At a recent Google IO talk, there were some key topics which came up which I found were useful and wanted to share. The videos are below.
The key things is Google bot is using the latest version of Chrome for Rendering it was on Chrome 41 over 3 years old, which is great news as allows developers to use more of the latest tools available and not have to backfill in to make sure the site works for Googlebot.
Zoe Clifford from Google also confirmed that it will be evergreen so when a new version of Chrome is released the bot will follow suit, there plan is to follow a few weeks later (but making no promises) but I can cope with a few weeks, much better than a few years.
The two key points, which I think are most useful to the majority of SEO’s are what does the below error messages mean in Search Console.
As well as using their answers I’ve also tried to add in when I find them useful and how i try and fix the issues.
Discovered but Currently not indexed
When analysing Google Search Console you might come across this warning. “Discovered but currently not indexed” and wondered what it means.
It’s potentially because your crawl budget is too low for Google to index and evaluate these pages.
Crawl Budget is a rate limit applied by Google on how much of a site Google can crawl (we have covered this before and while Google seems to have an unlimited amount of cash reserves, it doesn’t have an unlimited amount of crawl budget).
Therefore each site is giving a limit and this can change over time, the more popular and useful your site is the higher your budget.
Toms new Blog will start off with a very low budget, however, the BBC as its seen as trustworthy news source will have a much higher budget, plus it’s producing a large amount of content frequently.
Another reason Google claims to limit is to be a good bot and not to hit your server too much too soon and bring down your website, I have seen other bots which are far more active, things like Bing bot are far more active than Googlebot.
Changes to make to improve Crawl Budget
Here are some of the many things you can do to reduce crawl wastage, things like internal redirects (that’s two or more pages Google must load before it gets to the final URL). You control the site to fix it.
Similar to internal broken links, why send Googlebot to a dead page. Either remove the link or point them to a resource which is life.
Slow loading pages, Crawl budget isn’t set a number of pages and it does change frequently. Quick loading pages do allow Google to crawl more pages. A faster loading site does increase crawl budget.
Crawl Budget During Rendering
Resources requested during rendering do count towards your crawl budget, so keep this in mind when developing and optimising sites.
This wasn’t something I wasn’t aware off so is useful information to know.
So limit the number of requests you make on every page, but if you have certain resources across multiple pages, these are cached so wouldn’t count towards your crawl budget.
Confusing I know so let’s keep it simple:
- Crawl budget is important and some pages might not be rendered if you run out of crawl budget (if it’s not rendered it won’t appear in the SERPs)
- Requested resources count towards your crawl budget
- Google cache’s common assets on your site and therefore they don’t count towards crawl budget.

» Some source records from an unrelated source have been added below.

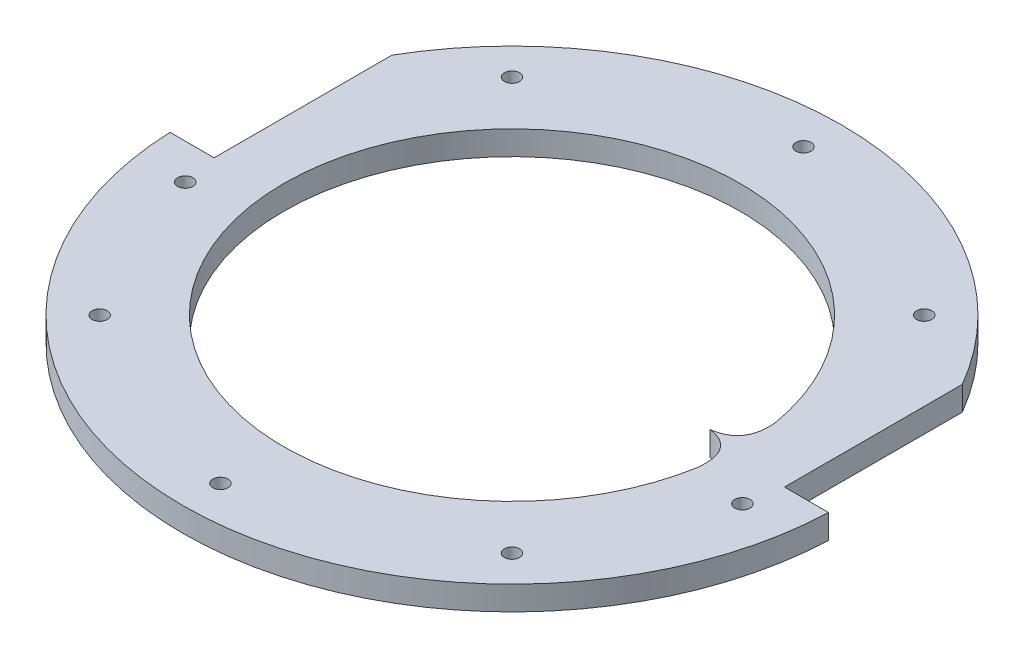
ISO-10303-21;
HEADER;
FILE_DESCRIPTION(('STEP AP214'),'2;1');
FILE_NAME('part.step','',(''),(''),'','','');
FILE_SCHEMA(('AUTOMOTIVE_DESIGN { 1 0 10303 214 1 1 1 1 }'));
ENDSEC;
DATA;
#1=APPLICATION_CONTEXT('core data for automotive mechanical design processes');
#2=APPLICATION_PROTOCOL_DEFINITION('international standard','automotive_design',2000,#1);
#3=PRODUCT_CONTEXT('',#1,'mechanical');
#4=PRODUCT('Part','Part','',(#3));
#5=PRODUCT_RELATED_PRODUCT_CATEGORY('part','',(#4));
#6=PRODUCT_DEFINITION_FORMATION('','',#4);
#7=PRODUCT_DEFINITION_CONTEXT('part definition',#1,'design');
#8=PRODUCT_DEFINITION('design','',#6,#7);
#9=PRODUCT_DEFINITION_SHAPE('','',#8);
#10=(LENGTH_UNIT() NAMED_UNIT(*) SI_UNIT(.MILLI.,.METRE.));
#11=(NAMED_UNIT(*) PLANE_ANGLE_UNIT() SI_UNIT($,.RADIAN.));
#12=(NAMED_UNIT(*) SI_UNIT($,.STERADIAN.) SOLID_ANGLE_UNIT());
#13=UNCERTAINTY_MEASURE_WITH_UNIT(LENGTH_MEASURE(1.E-05),#10,'distance_accuracy_value','');
#14=(GEOMETRIC_REPRESENTATION_CONTEXT(3) GLOBAL_UNCERTAINTY_ASSIGNED_CONTEXT((#13)) GLOBAL_UNIT_ASSIGNED_CONTEXT((#10,
#11,#12)) REPRESENTATION_CONTEXT('',''));
#15=CARTESIAN_POINT('',(0.,0.,0.));
#16=DIRECTION('',(0.,0.,1.));
#17=DIRECTION('',(1.,0.,0.));
#18=AXIS2_PLACEMENT_3D('',#15,#16,#17);
#19=CARTESIAN_POINT('',(0.,4.75,0.));
#20=DIRECTION('',(0.,1.,0.));
#21=DIRECTION('',(0.,0.,1.));
#22=AXIS2_PLACEMENT_3D('',#19,#20,#21);
#23=PLANE('',#22);
#24=CARTESIAN_POINT('',(0.,4.75,0.));
#25=DIRECTION('',(0.,1.,0.));
#26=DIRECTION('',(0.,0.,1.));
#27=AXIS2_PLACEMENT_3D('',#24,#25,#26);
#28=CIRCLE('',#27,65.);
#29=CARTESIAN_POINT('',(56.2499999999999,4.75,-32.5720355519887));
#30=VERTEX_POINT('',#29);
#31=CARTESIAN_POINT('',(-56.25,4.75,-32.5720355519884));
#32=VERTEX_POINT('',#31);
#33=EDGE_CURVE('E141',#30,#32,#28,.T.);
#34=ORIENTED_EDGE('',*,*,#33,.T.);
#35=DIRECTION('',(0.,0.,-1.));
#36=VECTOR('',#35,1.);
#37=CARTESIAN_POINT('',(-56.25,4.75,-2.50000000000001));
#38=LINE('',#37,#36);
#39=CARTESIAN_POINT('',(-56.25,4.75,2.49999999999999));
#40=VERTEX_POINT('',#39);
#41=EDGE_CURVE('E128',#40,#32,#38,.T.);
#42=ORIENTED_EDGE('',*,*,#41,.F.);
#43=DIRECTION('',(1.,0.,0.));
#44=VECTOR('',#43,1.);
#45=CARTESIAN_POINT('',(-66.25,4.75,2.5));
#46=LINE('',#45,#44);
#47=CARTESIAN_POINT('',(-64.9519052838329,4.75,2.5));
#48=VERTEX_POINT('',#47);
#49=EDGE_CURVE('E263',#48,#40,#46,.T.);
#50=ORIENTED_EDGE('',*,*,#49,.F.);
#51=CARTESIAN_POINT('',(64.9519052838329,4.75,2.49999999999955));
#52=VERTEX_POINT('',#51);
#53=EDGE_CURVE('E137',#48,#52,#28,.T.);
#54=ORIENTED_EDGE('',*,*,#53,.T.);
#55=DIRECTION('',(1.,0.,0.));
#56=VECTOR('',#55,1.);
#57=CARTESIAN_POINT('',(66.25,4.75,2.49999999999954));
#58=LINE('',#57,#56);
#59=CARTESIAN_POINT('',(56.25,4.75,2.49999999999961));
#60=VERTEX_POINT('',#59);
#61=EDGE_CURVE('E60',#60,#52,#58,.T.);
#62=ORIENTED_EDGE('',*,*,#61,.F.);
#63=DIRECTION('',(0.,0.,1.));
#64=VECTOR('',#63,1.);
#65=CARTESIAN_POINT('',(56.25,4.75,-2.50000000000039));
#66=LINE('',#65,#64);
#67=EDGE_CURVE('E158',#30,#60,#66,.T.);
#68=ORIENTED_EDGE('',*,*,#67,.F.);
#69=EDGE_LOOP('',(#34,#42,#50,#54,#62,#68));
#70=FACE_BOUND('',#69,.T.);
#71=CARTESIAN_POINT('',(0.,4.75,0.));
#72=DIRECTION('',(0.,1.,0.));
#73=DIRECTION('',(0.,0.,1.));
#74=AXIS2_PLACEMENT_3D('',#71,#72,#73);
#75=CIRCLE('',#74,45.);
#76=CARTESIAN_POINT('',(44.3497818734696,4.75,-7.62212882177071));
#77=VERTEX_POINT('',#76);
#78=CARTESIAN_POINT('',(44.3497818734695,4.75,7.62212882177072));
#79=VERTEX_POINT('',#78);
#80=EDGE_CURVE('E178',#77,#79,#75,.T.);
#81=ORIENTED_EDGE('',*,*,#80,.F.);
#82=CARTESIAN_POINT('',(39.0887878289872,4.75,0.));
#83=CARTESIAN_POINT('',(45.,4.75,-0.79500708341378));
#84=CARTESIAN_POINT('',(44.3497818734696,4.75,-7.62212882177072));
#85=B_SPLINE_CURVE_WITH_KNOTS('',2,(#82,#83,#84),.UNSPECIFIED.,.F.,.F.,(3,3),(0.,1.),.UNSPECIFIED.);
#86=CARTESIAN_POINT('',(39.0887878289872,4.75,0.));
#87=VERTEX_POINT('',#86);
#88=EDGE_CURVE('E173',#87,#77,#85,.T.);
#89=ORIENTED_EDGE('',*,*,#88,.F.);
#90=CARTESIAN_POINT('',(44.3497818734695,4.75,7.62212882177072));
#91=CARTESIAN_POINT('',(45.,4.75,0.79500708341378));
#92=CARTESIAN_POINT('',(39.0887878289872,4.75,0.));
#93=B_SPLINE_CURVE_WITH_KNOTS('',2,(#90,#91,#92),.UNSPECIFIED.,.F.,.F.,(3,3),(0.,1.),.UNSPECIFIED.);
#94=EDGE_CURVE('E324',#79,#87,#93,.T.);
#95=ORIENTED_EDGE('',*,*,#94,.F.);
#96=EDGE_LOOP('',(#81,#89,#95));
#97=FACE_BOUND('',#96,.T.);
#98=CARTESIAN_POINT('',(-40.6586399182265,4.75,40.6586399182265));
#99=DIRECTION('',(0.,1.,0.));
#100=DIRECTION('',(0.,0.,-1.));
#101=AXIS2_PLACEMENT_3D('',#98,#99,#100);
#102=CIRCLE('',#101,1.5);
#103=CARTESIAN_POINT('',(-40.6586399182265,4.75,39.1586399182265));
#104=VERTEX_POINT('',#103);
#105=EDGE_CURVE('E278',#104,#104,#102,.T.);
#106=ORIENTED_EDGE('',*,*,#105,.F.);
#107=EDGE_LOOP('',(#106));
#108=FACE_BOUND('',#107,.T.);
#109=CARTESIAN_POINT('',(0.,4.75,-57.5));
#110=DIRECTION('',(0.,1.,0.));
#111=DIRECTION('',(0.,0.,-1.));
#112=AXIS2_PLACEMENT_3D('',#109,#110,#111);
#113=CIRCLE('',#112,1.5);
#114=CARTESIAN_POINT('',(0.,4.75,-59.));
#115=VERTEX_POINT('',#114);
#116=EDGE_CURVE('E282',#115,#115,#113,.T.);
#117=ORIENTED_EDGE('',*,*,#116,.F.);
#118=EDGE_LOOP('',(#117));
#119=FACE_BOUND('',#118,.T.);
#120=CARTESIAN_POINT('',(40.6586399182265,4.75,40.6586399182265));
#121=DIRECTION('',(0.,1.,0.));
#122=DIRECTION('',(0.,0.,1.));
#123=AXIS2_PLACEMENT_3D('',#120,#121,#122);
#124=CIRCLE('',#123,1.5);
#125=CARTESIAN_POINT('',(40.6586399182265,4.75,42.1586399182265));
#126=VERTEX_POINT('',#125);
#127=EDGE_CURVE('E286',#126,#126,#124,.T.);
#128=ORIENTED_EDGE('',*,*,#127,.F.);
#129=EDGE_LOOP('',(#128));
#130=FACE_BOUND('',#129,.T.);
#131=CARTESIAN_POINT('',(0.,4.75,57.5));
#132=DIRECTION('',(0.,1.,0.));
#133=DIRECTION('',(0.,0.,1.));
#134=AXIS2_PLACEMENT_3D('',#131,#132,#133);
#135=CIRCLE('',#134,1.5);
#136=CARTESIAN_POINT('',(0.,4.75,59.));
#137=VERTEX_POINT('',#136);
#138=EDGE_CURVE('E144',#137,#137,#135,.T.);
#139=ORIENTED_EDGE('',*,*,#138,.F.);
#140=EDGE_LOOP('',(#139));
#141=FACE_BOUND('',#140,.T.);
#142=CARTESIAN_POINT('',(40.6586399182265,4.75,-40.6586399182265));
#143=DIRECTION('',(0.,1.,0.));
#144=DIRECTION('',(0.,0.,1.));
#145=AXIS2_PLACEMENT_3D('',#142,#143,#144);
#146=CIRCLE('',#145,1.5);
#147=CARTESIAN_POINT('',(40.6586399182265,4.75,-39.1586399182265));
#148=VERTEX_POINT('',#147);
#149=EDGE_CURVE('E293',#148,#148,#146,.T.);
#150=ORIENTED_EDGE('',*,*,#149,.F.);
#151=EDGE_LOOP('',(#150));
#152=FACE_BOUND('',#151,.T.);
#153=CARTESIAN_POINT('',(-40.6586399182265,4.75,-40.6586399182265));
#154=DIRECTION('',(0.,1.,0.));
#155=DIRECTION('',(0.,0.,-1.));
#156=AXIS2_PLACEMENT_3D('',#153,#154,#155);
#157=CIRCLE('',#156,1.5);
#158=CARTESIAN_POINT('',(-40.6586399182265,4.75,-42.1586399182265));
#159=VERTEX_POINT('',#158);
#160=EDGE_CURVE('E297',#159,#159,#157,.T.);
#161=ORIENTED_EDGE('',*,*,#160,.F.);
#162=EDGE_LOOP('',(#161));
#163=FACE_BOUND('',#162,.T.);
#164=CARTESIAN_POINT('',(54.9519052838329,4.75,9.49999999999961));
#165=DIRECTION('',(0.,1.,0.));
#166=DIRECTION('',(0.,0.,1.));
#167=AXIS2_PLACEMENT_3D('',#164,#165,#166);
#168=CIRCLE('',#167,1.5);
#169=CARTESIAN_POINT('',(54.9519052838329,4.75,10.9999999999996));
#170=VERTEX_POINT('',#169);
#171=EDGE_CURVE('E257',#170,#170,#168,.T.);
#172=ORIENTED_EDGE('',*,*,#171,.F.);
#173=EDGE_LOOP('',(#172));
#174=FACE_BOUND('',#173,.T.);
#175=CARTESIAN_POINT('',(-54.9519052838329,4.75,9.49999999999962));
#176=DIRECTION('',(0.,-1.,0.));
#177=DIRECTION('',(0.,0.,-1.));
#178=AXIS2_PLACEMENT_3D('',#175,#176,#177);
#179=CIRCLE('',#178,1.50000000000001);
#180=CARTESIAN_POINT('',(-54.9519052838329,4.75,7.99999999999961));
#181=VERTEX_POINT('',#180);
#182=EDGE_CURVE('E163',#181,#181,#179,.T.);
#183=ORIENTED_EDGE('',*,*,#182,.T.);
#184=EDGE_LOOP('',(#183));
#185=FACE_BOUND('',#184,.T.);
#186=ADVANCED_FACE('F45',(#70,#97,#108,#119,#130,#141,#152,#163,#174,#185),#23,.T.);
#187=CARTESIAN_POINT('',(0.,0.,0.));
#188=DIRECTION('',(0.,1.,0.));
#189=DIRECTION('',(0.,0.,1.));
#190=AXIS2_PLACEMENT_3D('',#187,#188,#189);
#191=PLANE('',#190);
#192=CARTESIAN_POINT('',(-54.9519052838329,0.,9.49999999999962));
#193=DIRECTION('',(0.,-1.,0.));
#194=DIRECTION('',(0.,0.,-1.));
#195=AXIS2_PLACEMENT_3D('',#192,#193,#194);
#196=CIRCLE('',#195,1.50000000000001);
#197=CARTESIAN_POINT('',(-54.9519052838329,0.,7.99999999999961));
#198=VERTEX_POINT('',#197);
#199=EDGE_CURVE('E159',#198,#198,#196,.T.);
#200=ORIENTED_EDGE('',*,*,#199,.F.);
#201=EDGE_LOOP('',(#200));
#202=FACE_BOUND('',#201,.T.);
#203=CARTESIAN_POINT('',(39.0887878289872,0.,0.));
#204=CARTESIAN_POINT('',(45.,0.,-0.79500708341378));
#205=CARTESIAN_POINT('',(44.3497818734696,0.,-7.62212882177072));
#206=B_SPLINE_CURVE_WITH_KNOTS('',2,(#203,#204,#205),.UNSPECIFIED.,.F.,.F.,(3,3),(0.,1.),.UNSPECIFIED.);
#207=CARTESIAN_POINT('',(39.0887878289872,0.,0.));
#208=VERTEX_POINT('',#207);
#209=CARTESIAN_POINT('',(44.3497818734696,0.,-7.62212882177071));
#210=VERTEX_POINT('',#209);
#211=EDGE_CURVE('E172',#208,#210,#206,.T.);
#212=ORIENTED_EDGE('',*,*,#211,.T.);
#213=CARTESIAN_POINT('',(0.,0.,0.));
#214=DIRECTION('',(0.,1.,0.));
#215=DIRECTION('',(0.,0.,1.));
#216=AXIS2_PLACEMENT_3D('',#213,#214,#215);
#217=CIRCLE('',#216,45.);
#218=CARTESIAN_POINT('',(44.3497818734696,0.,7.6221288217707));
#219=VERTEX_POINT('',#218);
#220=EDGE_CURVE('E336',#210,#219,#217,.T.);
#221=ORIENTED_EDGE('',*,*,#220,.T.);
#222=CARTESIAN_POINT('',(44.3497818734695,0.,7.62212882177072));
#223=CARTESIAN_POINT('',(45.,0.,0.79500708341378));
#224=CARTESIAN_POINT('',(39.0887878289872,0.,0.));
#225=B_SPLINE_CURVE_WITH_KNOTS('',2,(#222,#223,#224),.UNSPECIFIED.,.F.,.F.,(3,3),(0.,1.),.UNSPECIFIED.);
#226=EDGE_CURVE('E179',#219,#208,#225,.T.);
#227=ORIENTED_EDGE('',*,*,#226,.T.);
#228=EDGE_LOOP('',(#212,#221,#227));
#229=FACE_BOUND('',#228,.T.);
#230=CARTESIAN_POINT('',(0.,0.,57.5));
#231=DIRECTION('',(0.,1.,0.));
#232=DIRECTION('',(0.,0.,1.));
#233=AXIS2_PLACEMENT_3D('',#230,#231,#232);
#234=CIRCLE('',#233,1.5);
#235=CARTESIAN_POINT('',(0.,0.,59.));
#236=VERTEX_POINT('',#235);
#237=EDGE_CURVE('E233',#236,#236,#234,.T.);
#238=ORIENTED_EDGE('',*,*,#237,.T.);
#239=EDGE_LOOP('',(#238));
#240=FACE_BOUND('',#239,.T.);
#241=CARTESIAN_POINT('',(40.6586399182265,0.,40.6586399182265));
#242=DIRECTION('',(0.,1.,0.));
#243=DIRECTION('',(0.,0.,1.));
#244=AXIS2_PLACEMENT_3D('',#241,#242,#243);
#245=CIRCLE('',#244,1.5);
#246=CARTESIAN_POINT('',(40.6586399182265,0.,42.1586399182265));
#247=VERTEX_POINT('',#246);
#248=EDGE_CURVE('E237',#247,#247,#245,.T.);
#249=ORIENTED_EDGE('',*,*,#248,.T.);
#250=EDGE_LOOP('',(#249));
#251=FACE_BOUND('',#250,.T.);
#252=CARTESIAN_POINT('',(40.6586399182265,0.,-40.6586399182265));
#253=DIRECTION('',(0.,1.,0.));
#254=DIRECTION('',(0.,0.,1.));
#255=AXIS2_PLACEMENT_3D('',#252,#253,#254);
#256=CIRCLE('',#255,1.5);
#257=CARTESIAN_POINT('',(40.6586399182265,0.,-39.1586399182265));
#258=VERTEX_POINT('',#257);
#259=EDGE_CURVE('E241',#258,#258,#256,.T.);
#260=ORIENTED_EDGE('',*,*,#259,.T.);
#261=EDGE_LOOP('',(#260));
#262=FACE_BOUND('',#261,.T.);
#263=CARTESIAN_POINT('',(0.,0.,-57.5));
#264=DIRECTION('',(0.,1.,0.));
#265=DIRECTION('',(0.,0.,-1.));
#266=AXIS2_PLACEMENT_3D('',#263,#264,#265);
#267=CIRCLE('',#266,1.5);
#268=CARTESIAN_POINT('',(0.,0.,-59.));
#269=VERTEX_POINT('',#268);
#270=EDGE_CURVE('E245',#269,#269,#267,.T.);
#271=ORIENTED_EDGE('',*,*,#270,.T.);
#272=EDGE_LOOP('',(#271));
#273=FACE_BOUND('',#272,.T.);
#274=CARTESIAN_POINT('',(-40.6586399182265,0.,-40.6586399182265));
#275=DIRECTION('',(0.,1.,0.));
#276=DIRECTION('',(0.,0.,-1.));
#277=AXIS2_PLACEMENT_3D('',#274,#275,#276);
#278=CIRCLE('',#277,1.5);
#279=CARTESIAN_POINT('',(-40.6586399182265,0.,-42.1586399182265));
#280=VERTEX_POINT('',#279);
#281=EDGE_CURVE('E249',#280,#280,#278,.T.);
#282=ORIENTED_EDGE('',*,*,#281,.T.);
#283=EDGE_LOOP('',(#282));
#284=FACE_BOUND('',#283,.T.);
#285=CARTESIAN_POINT('',(-40.6586399182265,0.,40.6586399182265));
#286=DIRECTION('',(0.,1.,0.));
#287=DIRECTION('',(0.,0.,-1.));
#288=AXIS2_PLACEMENT_3D('',#285,#286,#287);
#289=CIRCLE('',#288,1.5);
#290=CARTESIAN_POINT('',(-40.6586399182265,0.,39.1586399182265));
#291=VERTEX_POINT('',#290);
#292=EDGE_CURVE('E253',#291,#291,#289,.T.);
#293=ORIENTED_EDGE('',*,*,#292,.T.);
#294=EDGE_LOOP('',(#293));
#295=FACE_BOUND('',#294,.T.);
#296=CARTESIAN_POINT('',(54.9519052838329,0.,9.49999999999961));
#297=DIRECTION('',(0.,1.,0.));
#298=DIRECTION('',(0.,0.,1.));
#299=AXIS2_PLACEMENT_3D('',#296,#297,#298);
#300=CIRCLE('',#299,1.5);
#301=CARTESIAN_POINT('',(54.9519052838329,0.,10.9999999999996));
#302=VERTEX_POINT('',#301);
#303=EDGE_CURVE('E132',#302,#302,#300,.T.);
#304=ORIENTED_EDGE('',*,*,#303,.T.);
#305=EDGE_LOOP('',(#304));
#306=FACE_BOUND('',#305,.T.);
#307=DIRECTION('',(0.,0.,-1.));
#308=VECTOR('',#307,1.);
#309=CARTESIAN_POINT('',(-56.25,0.,0.));
#310=LINE('',#309,#308);
#311=CARTESIAN_POINT('',(-56.25,0.,2.49999999999999));
#312=VERTEX_POINT('',#311);
#313=CARTESIAN_POINT('',(-56.25,0.,-32.5720355519884));
#314=VERTEX_POINT('',#313);
#315=EDGE_CURVE('E12',#312,#314,#310,.T.);
#316=ORIENTED_EDGE('',*,*,#315,.T.);
#317=CARTESIAN_POINT('',(0.,0.,0.));
#318=DIRECTION('',(0.,1.,0.));
#319=DIRECTION('',(0.,0.,1.));
#320=AXIS2_PLACEMENT_3D('',#317,#318,#319);
#321=CIRCLE('',#320,65.);
#322=CARTESIAN_POINT('',(56.2499999999999,0.,-32.5720355519887));
#323=VERTEX_POINT('',#322);
#324=EDGE_CURVE('E119',#323,#314,#321,.T.);
#325=ORIENTED_EDGE('',*,*,#324,.F.);
#326=DIRECTION('',(0.,0.,1.));
#327=VECTOR('',#326,1.);
#328=CARTESIAN_POINT('',(56.25,0.,-4.68375338513738E-13));
#329=LINE('',#328,#327);
#330=CARTESIAN_POINT('',(56.25,0.,2.49999999999961));
#331=VERTEX_POINT('',#330);
#332=EDGE_CURVE('E53',#323,#331,#329,.T.);
#333=ORIENTED_EDGE('',*,*,#332,.T.);
#334=DIRECTION('',(1.,0.,0.));
#335=VECTOR('',#334,1.);
#336=CARTESIAN_POINT('',(0.,0.,2.49999999999999));
#337=LINE('',#336,#335);
#338=CARTESIAN_POINT('',(64.9519052838329,0.,2.49999999999955));
#339=VERTEX_POINT('',#338);
#340=EDGE_CURVE('E152',#331,#339,#337,.T.);
#341=ORIENTED_EDGE('',*,*,#340,.T.);
#342=CARTESIAN_POINT('',(-64.9519052838329,0.,2.5));
#343=VERTEX_POINT('',#342);
#344=EDGE_CURVE('E138',#343,#339,#321,.T.);
#345=ORIENTED_EDGE('',*,*,#344,.F.);
#346=DIRECTION('',(1.,0.,0.));
#347=VECTOR('',#346,1.);
#348=CARTESIAN_POINT('',(0.,0.,2.49999999999998));
#349=LINE('',#348,#347);
#350=EDGE_CURVE('E121',#343,#312,#349,.T.);
#351=ORIENTED_EDGE('',*,*,#350,.T.);
#352=EDGE_LOOP('',(#316,#325,#333,#341,#345,#351));
#353=FACE_BOUND('',#352,.T.);
#354=ADVANCED_FACE('F116',(#202,#229,#240,#251,#262,#273,#284,#295,#306,#353),#191,.F.);
#355=CARTESIAN_POINT('',(0.,4.75,0.));
#356=DIRECTION('',(0.,-1.,0.));
#357=DIRECTION('',(0.,0.,-1.));
#358=AXIS2_PLACEMENT_3D('',#355,#356,#357);
#359=CYLINDRICAL_SURFACE('',#358,65.);
#360=ORIENTED_EDGE('',*,*,#324,.T.);
#361=DIRECTION('',(0.,1.,0.));
#362=VECTOR('',#361,1.);
#363=CARTESIAN_POINT('',(-56.25,0.,-32.5720355519884));
#364=LINE('',#363,#362);
#365=EDGE_CURVE('E125',#314,#32,#364,.T.);
#366=ORIENTED_EDGE('',*,*,#365,.T.);
#367=ORIENTED_EDGE('',*,*,#33,.F.);
#368=DIRECTION('',(0.,1.,0.));
#369=VECTOR('',#368,1.);
#370=CARTESIAN_POINT('',(56.2499999999999,0.,-32.5720355519887));
#371=LINE('',#370,#369);
#372=EDGE_CURVE('E133',#323,#30,#371,.T.);
#373=ORIENTED_EDGE('',*,*,#372,.F.);
#374=EDGE_LOOP('',(#360,#366,#367,#373));
#375=FACE_BOUND('',#374,.T.);
#376=ADVANCED_FACE('F47',(#375),#359,.T.);
#377=ORIENTED_EDGE('',*,*,#53,.F.);
#378=DIRECTION('',(0.,-1.,0.));
#379=VECTOR('',#378,1.);
#380=CARTESIAN_POINT('',(-64.9519052838329,4.75,2.5));
#381=LINE('',#380,#379);
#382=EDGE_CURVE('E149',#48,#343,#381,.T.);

So Google is aware of these pages.
Soft 404 Errors in Google Search Console
Soft 404 basically is the 200 response header was returned but the content on the page looks like a 404, hence the soft part.
Google thinks this page is a 404 page, but you return a 200 response.
I’ve found this useful in the past when analysing websites. To fix this I usually update the content and the page. It happens a lot on ecommerce websites and category pages, these pages are super important and are usually high traffic pages so well worth watching out for these and fixing when you see them.
This was discussed at the recent Google I/O and you can see the clip below. While there isn’t a lot of new information in here (apart from Googlebot using the latest version of Chrome and will be evergreen going forward).
Discovered but Currently not indexed Video:
Soft 404 Errors in Google Search Console:
Its worth watching the keynote, its full of some very useful information.
One thing I want to make clear is Crawl budget won’t really affect your 50 pages affiliate site. Google should crawl every page pretty frequently (worth checking) but it becomes more of an issue the bigger your site becomes.
The majority of the crawl information was covered in this google article on Googlebot.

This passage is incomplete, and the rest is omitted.